As we move towards complex algorithms , need for manual feature creation goes down as many of the transformations can be learned by the algorithms of sufficient complexity ( Neural Networks , Boosting Machines ). Example of such transformations can be features created as interaction variables , log transformations or polynomials of original features in the data.

However ratio features are the ones which different algorithms are consistently bad at emulating . If you think that in context of the business problem that you are trying to solve; ratio of features in data can play definitive role then you should create them manually; instead of relying on any algorithm to extract that pattern.

A simple example of ratio variable can be utilisation of credit cards [ratio between expense and limit]

You can find a detailed discussion about what kind of feature transformation different algorithms can emulate and what they can not : here

Few notes on the takeaways/followups .

  1. This is not an exhaustive list by any means.
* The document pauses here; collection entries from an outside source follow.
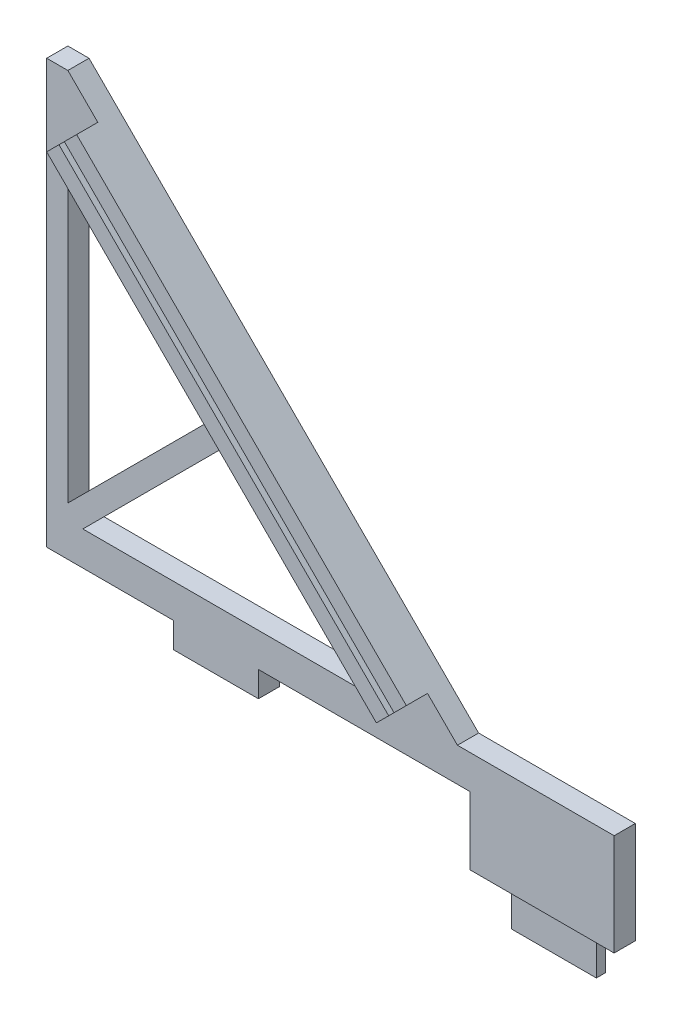
ISO-10303-21;
HEADER;
FILE_DESCRIPTION(('STEP AP214'),'2;1');
FILE_NAME('part.step','',(''),(''),'','','');
FILE_SCHEMA(('AUTOMOTIVE_DESIGN { 1 0 10303 214 1 1 1 1 }'));
ENDSEC;
DATA;
#1=APPLICATION_CONTEXT('core data for automotive mechanical design processes');
#2=APPLICATION_PROTOCOL_DEFINITION('international standard','automotive_design',2000,#1);
#3=PRODUCT_CONTEXT('',#1,'mechanical');
#4=PRODUCT('Part','Part','',(#3));
#5=PRODUCT_RELATED_PRODUCT_CATEGORY('part','',(#4));
#6=PRODUCT_DEFINITION_FORMATION('','',#4);
#7=PRODUCT_DEFINITION_CONTEXT('part definition',#1,'design');
#8=PRODUCT_DEFINITION('design','',#6,#7);
#9=PRODUCT_DEFINITION_SHAPE('','',#8);
#10=(LENGTH_UNIT() NAMED_UNIT(*) SI_UNIT(.MILLI.,.METRE.));
#11=(NAMED_UNIT(*) PLANE_ANGLE_UNIT() SI_UNIT($,.RADIAN.));
#12=(NAMED_UNIT(*) SI_UNIT($,.STERADIAN.) SOLID_ANGLE_UNIT());
#13=UNCERTAINTY_MEASURE_WITH_UNIT(LENGTH_MEASURE(1.E-05),#10,'distance_accuracy_value','');
#14=(GEOMETRIC_REPRESENTATION_CONTEXT(3) GLOBAL_UNCERTAINTY_ASSIGNED_CONTEXT((#13)) GLOBAL_UNIT_ASSIGNED_CONTEXT((#10,
#11,#12)) REPRESENTATION_CONTEXT('',''));
#15=CARTESIAN_POINT('',(0.,0.,0.));
#16=DIRECTION('',(0.,0.,1.));
#17=DIRECTION('',(1.,0.,0.));
#18=AXIS2_PLACEMENT_3D('',#15,#16,#17);
#19=CARTESIAN_POINT('',(0.,0.,3.175));
#20=DIRECTION('',(0.,0.,1.));
#21=DIRECTION('',(1.,0.,0.));
#22=AXIS2_PLACEMENT_3D('',#19,#20,#21);
#23=PLANE('',#22);
#24=DIRECTION('',(0.707106781186551,-0.707106781186544,0.));
#25=VECTOR('',#24,1.);
#26=CARTESIAN_POINT('',(-15.3302561210692,21.59,3.175));
#27=LINE('',#26,#25);
#28=CARTESIAN_POINT('',(-41.1726600756682,47.4324039545988,3.175));
#29=VERTEX_POINT('',#28);
#30=CARTESIAN_POINT('',(-38.9275960454009,45.1873399243315,3.175));
#31=VERTEX_POINT('',#30);
#32=EDGE_CURVE('E11',#29,#31,#27,.T.);
#33=ORIENTED_EDGE('',*,*,#32,.F.);
#34=DIRECTION('',(0.707106781186544,0.707106781186551,0.));
#35=VECTOR('',#34,1.);
#36=CARTESIAN_POINT('',(-41.1726600756682,47.4324039545988,3.175));
#37=LINE('',#36,#35);
#38=CARTESIAN_POINT('',(-64.77,23.8350640302668,3.175));
#39=VERTEX_POINT('',#38);
#40=EDGE_CURVE('E318',#39,#29,#37,.T.);
#41=ORIENTED_EDGE('',*,*,#40,.F.);
#42=DIRECTION('',(0.,-1.,0.));
#43=VECTOR('',#42,1.);
#44=CARTESIAN_POINT('',(-64.77,71.0297438789303,3.175));
#45=LINE('',#44,#43);
#46=CARTESIAN_POINT('',(-64.77,71.0297438789303,3.175));
#47=VERTEX_POINT('',#46);
#48=EDGE_CURVE('E315',#47,#39,#45,.T.);
#49=ORIENTED_EDGE('',*,*,#48,.F.);
#50=DIRECTION('',(-0.707106781186547,-0.707106781186547,0.));
#51=VECTOR('',#50,1.);
#52=CARTESIAN_POINT('',(-64.77,71.0297438789303,3.175));
#53=LINE('',#52,#51);
#54=CARTESIAN_POINT('',(-62.9290474951805,72.8706963837497,3.175));
#55=VERTEX_POINT('',#54);
#56=EDGE_CURVE('E260',#55,#47,#53,.T.);
#57=ORIENTED_EDGE('',*,*,#56,.F.);
#58=DIRECTION('',(-0.707106781186548,0.707106781186548,0.));
#59=VECTOR('',#58,1.);
#60=CARTESIAN_POINT('',(-62.9290474951805,72.8706963837497,3.175));
#61=LINE('',#60,#59);
#62=CARTESIAN_POINT('',(-13.48930361625,23.4309525048192,3.175));
#63=VERTEX_POINT('',#62);
#64=EDGE_CURVE('E250',#63,#55,#61,.T.);
#65=ORIENTED_EDGE('',*,*,#64,.F.);
#66=DIRECTION('',(0.707106781186547,0.707106781186548,0.));
#67=VECTOR('',#66,1.);
#68=CARTESIAN_POINT('',(-13.48930361625,23.4309525048192,3.175));
#69=LINE('',#68,#67);
#70=CARTESIAN_POINT('',(-15.3302561210692,21.59,3.175));
#71=VERTEX_POINT('',#70);
#72=EDGE_CURVE('E247',#71,#63,#69,.T.);
#73=ORIENTED_EDGE('',*,*,#72,.F.);
#74=DIRECTION('',(1.,0.,0.));
#75=VECTOR('',#74,1.);
#76=CARTESIAN_POINT('',(-62.5249359697322,21.59,3.175));
#77=LINE('',#76,#75);
#78=CARTESIAN_POINT('',(-62.5249359697322,21.59,3.175));
#79=VERTEX_POINT('',#78);
#80=EDGE_CURVE('E295',#79,#71,#77,.T.);
#81=ORIENTED_EDGE('',*,*,#80,.F.);
#82=DIRECTION('',(-0.707106781186544,-0.707106781186551,0.));
#83=VECTOR('',#82,1.);
#84=CARTESIAN_POINT('',(-38.9275960454009,45.1873399243315,3.175));
#85=LINE('',#84,#83);
#86=EDGE_CURVE('E292',#31,#79,#85,.T.);
#87=ORIENTED_EDGE('',*,*,#86,.F.);
#88=EDGE_LOOP('',(#33,#41,#49,#57,#65,#73,#81,#87));
#89=FACE_BOUND('',#88,.T.);
#90=DIRECTION('',(0.707106781186547,-0.707106781186548,0.));
#91=VECTOR('',#90,1.);
#92=CARTESIAN_POINT('',(-12.6810805653538,24.2391755557154,3.175));
#93=LINE('',#92,#91);
#94=CARTESIAN_POINT('',(-62.1208244442843,73.6789194346459,3.175));
#95=VERTEX_POINT('',#94);
#96=CARTESIAN_POINT('',(-12.6810805653538,24.2391755557154,3.175));
#97=VERTEX_POINT('',#96);
#98=EDGE_CURVE('E49',#95,#97,#93,.T.);
#99=ORIENTED_EDGE('',*,*,#98,.F.);
#100=DIRECTION('',(-0.707106781186547,-0.707106781186547,0.));
#101=VECTOR('',#100,1.);
#102=CARTESIAN_POINT('',(-62.1208244442843,73.6789194346459,3.175));
#103=LINE('',#102,#101);
#104=CARTESIAN_POINT('',(-60.2798719394651,75.5198719394651,3.175));
#105=VERTEX_POINT('',#104);
#106=EDGE_CURVE('E808',#105,#95,#103,.T.);
#107=ORIENTED_EDGE('',*,*,#106,.F.);
#108=DIRECTION('',(-0.707106781186551,0.707106781186544,0.));
#109=VECTOR('',#108,1.);
#110=CARTESIAN_POINT('',(-6.35,21.59,3.175));
#111=LINE('',#110,#109);
#112=CARTESIAN_POINT('',(-64.77,80.0099999999994,3.175));
#113=VERTEX_POINT('',#112);
#114=EDGE_CURVE('E246',#105,#113,#111,.T.);
#115=ORIENTED_EDGE('',*,*,#114,.T.);
#116=DIRECTION('',(-1.,0.,0.));
#117=VECTOR('',#116,1.);
#118=CARTESIAN_POINT('',(-64.77,80.0099999999994,3.175));
#119=LINE('',#118,#117);
#120=CARTESIAN_POINT('',(-67.945,80.0099999999994,3.175));
#121=VERTEX_POINT('',#120);
#122=EDGE_CURVE('E347',#113,#121,#119,.T.);
#123=ORIENTED_EDGE('',*,*,#122,.T.);
#124=DIRECTION('',(0.,-1.,0.));
#125=VECTOR('',#124,1.);
#126=CARTESIAN_POINT('',(-67.945,80.0099999999994,3.175));
#127=LINE('',#126,#125);
#128=CARTESIAN_POINT('',(-67.945,16.51,3.175));
#129=VERTEX_POINT('',#128);
#130=EDGE_CURVE('E349',#121,#129,#127,.T.);
#131=ORIENTED_EDGE('',*,*,#130,.T.);
#132=DIRECTION('',(1.,0.,0.));
#133=VECTOR('',#132,1.);
#134=CARTESIAN_POINT('',(-67.945,16.51,3.175));
#135=LINE('',#134,#133);
#136=CARTESIAN_POINT('',(-48.895,16.51,3.175));
#137=VERTEX_POINT('',#136);
#138=EDGE_CURVE('E351',#129,#137,#135,.T.);
#139=ORIENTED_EDGE('',*,*,#138,.T.);
#140=DIRECTION('',(0.,-1.,0.));
#141=VECTOR('',#140,1.);
#142=CARTESIAN_POINT('',(-48.895,16.51,3.175));
#143=LINE('',#142,#141);
#144=CARTESIAN_POINT('',(-48.895,12.7,3.175));
#145=VERTEX_POINT('',#144);
#146=EDGE_CURVE('E353',#137,#145,#143,.T.);
#147=ORIENTED_EDGE('',*,*,#146,.T.);
#148=DIRECTION('',(1.,0.,0.));
#149=VECTOR('',#148,1.);
#150=CARTESIAN_POINT('',(-48.895,12.7,3.175));
#151=LINE('',#150,#149);
#152=CARTESIAN_POINT('',(-36.195,12.7,3.175));
#153=VERTEX_POINT('',#152);
#154=EDGE_CURVE('E355',#145,#153,#151,.T.);
#155=ORIENTED_EDGE('',*,*,#154,.T.);
#156=DIRECTION('',(0.,1.,0.));
#157=VECTOR('',#156,1.);
#158=CARTESIAN_POINT('',(-36.195,12.7,3.175));
#159=LINE('',#158,#157);
#160=CARTESIAN_POINT('',(-36.195,16.51,3.175));
#161=VERTEX_POINT('',#160);
#162=EDGE_CURVE('E357',#153,#161,#159,.T.);
#163=ORIENTED_EDGE('',*,*,#162,.T.);
#164=DIRECTION('',(1.,0.,0.));
#165=VECTOR('',#164,1.);
#166=CARTESIAN_POINT('',(-36.195,16.51,3.175));
#167=LINE('',#166,#165);
#168=CARTESIAN_POINT('',(-4.445,16.51,3.175));
#169=VERTEX_POINT('',#168);
#170=EDGE_CURVE('E359',#161,#169,#167,.T.);
#171=ORIENTED_EDGE('',*,*,#170,.T.);
#172=DIRECTION('',(0.,-1.,0.));
#173=VECTOR('',#172,1.);
#174=CARTESIAN_POINT('',(-4.445,6.35,3.175));
#175=LINE('',#174,#173);
#176=CARTESIAN_POINT('',(-4.445,6.35,3.175));
#177=VERTEX_POINT('',#176);
#178=EDGE_CURVE('E361',#169,#177,#175,.T.);
#179=ORIENTED_EDGE('',*,*,#178,.T.);
#180=DIRECTION('',(1.,0.,0.));
#181=VECTOR('',#180,1.);
#182=CARTESIAN_POINT('',(12.7,6.35,3.175));
#183=LINE('',#182,#181);
#184=CARTESIAN_POINT('',(17.145,6.35,3.175));
#185=VERTEX_POINT('',#184);
#186=EDGE_CURVE('E338',#177,#185,#183,.T.);
#187=ORIENTED_EDGE('',*,*,#186,.T.);
#188=DIRECTION('',(0.,1.,0.));
#189=VECTOR('',#188,1.);
#190=CARTESIAN_POINT('',(17.145,6.35,3.175));
#191=LINE('',#190,#189);
#192=CARTESIAN_POINT('',(17.145,21.59,3.175));
#193=VERTEX_POINT('',#192);
#194=EDGE_CURVE('E340',#185,#193,#191,.T.);
#195=ORIENTED_EDGE('',*,*,#194,.T.);
#196=DIRECTION('',(-1.,0.,0.));
#197=VECTOR('',#196,1.);
#198=CARTESIAN_POINT('',(17.145,21.59,3.175));
#199=LINE('',#198,#197);
#200=CARTESIAN_POINT('',(-6.35,21.59,3.175));
#201=VERTEX_POINT('',#200);
#202=EDGE_CURVE('E343',#193,#201,#199,.T.);
#203=ORIENTED_EDGE('',*,*,#202,.T.);
#204=CARTESIAN_POINT('',(-10.8401280605346,26.0801280605346,3.175));
#205=VERTEX_POINT('',#204);
#206=EDGE_CURVE('E345',#201,#205,#111,.T.);
#207=ORIENTED_EDGE('',*,*,#206,.T.);
#208=DIRECTION('',(0.707106781186546,0.707106781186549,0.));
#209=VECTOR('',#208,1.);
#210=CARTESIAN_POINT('',(-10.8401280605346,26.0801280605346,3.175));
#211=LINE('',#210,#209);
#212=EDGE_CURVE('E54',#97,#205,#211,.T.);
#213=ORIENTED_EDGE('',*,*,#212,.F.);
#214=EDGE_LOOP('',(#99,#107,#115,#123,#131,#139,#147,#155,#163,#171,#179,#187,#195,#203,#207,#213));
#215=FACE_BOUND('',#214,.T.);
#216=ADVANCED_FACE('F33',(#89,#215),#23,.T.);
#217=CARTESIAN_POINT('',(0.,0.,3.175));
#218=DIRECTION('',(1.,0.,0.));
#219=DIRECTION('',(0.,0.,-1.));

I discussed few things which I see; are not commonly discussed or are generally looked over. I’ll make additions if I recall something else.
  2. Whenever I discussed one of the tricks, I skimmed over other details. For example , when we were talking about categorical embeddings , we can very well first ignore categories which have low frequencies , create dummies for the rest and then go for categorical embeddings .
  3. Feel free to let me know if you’d like me to add some discussion as part/addition to the list above.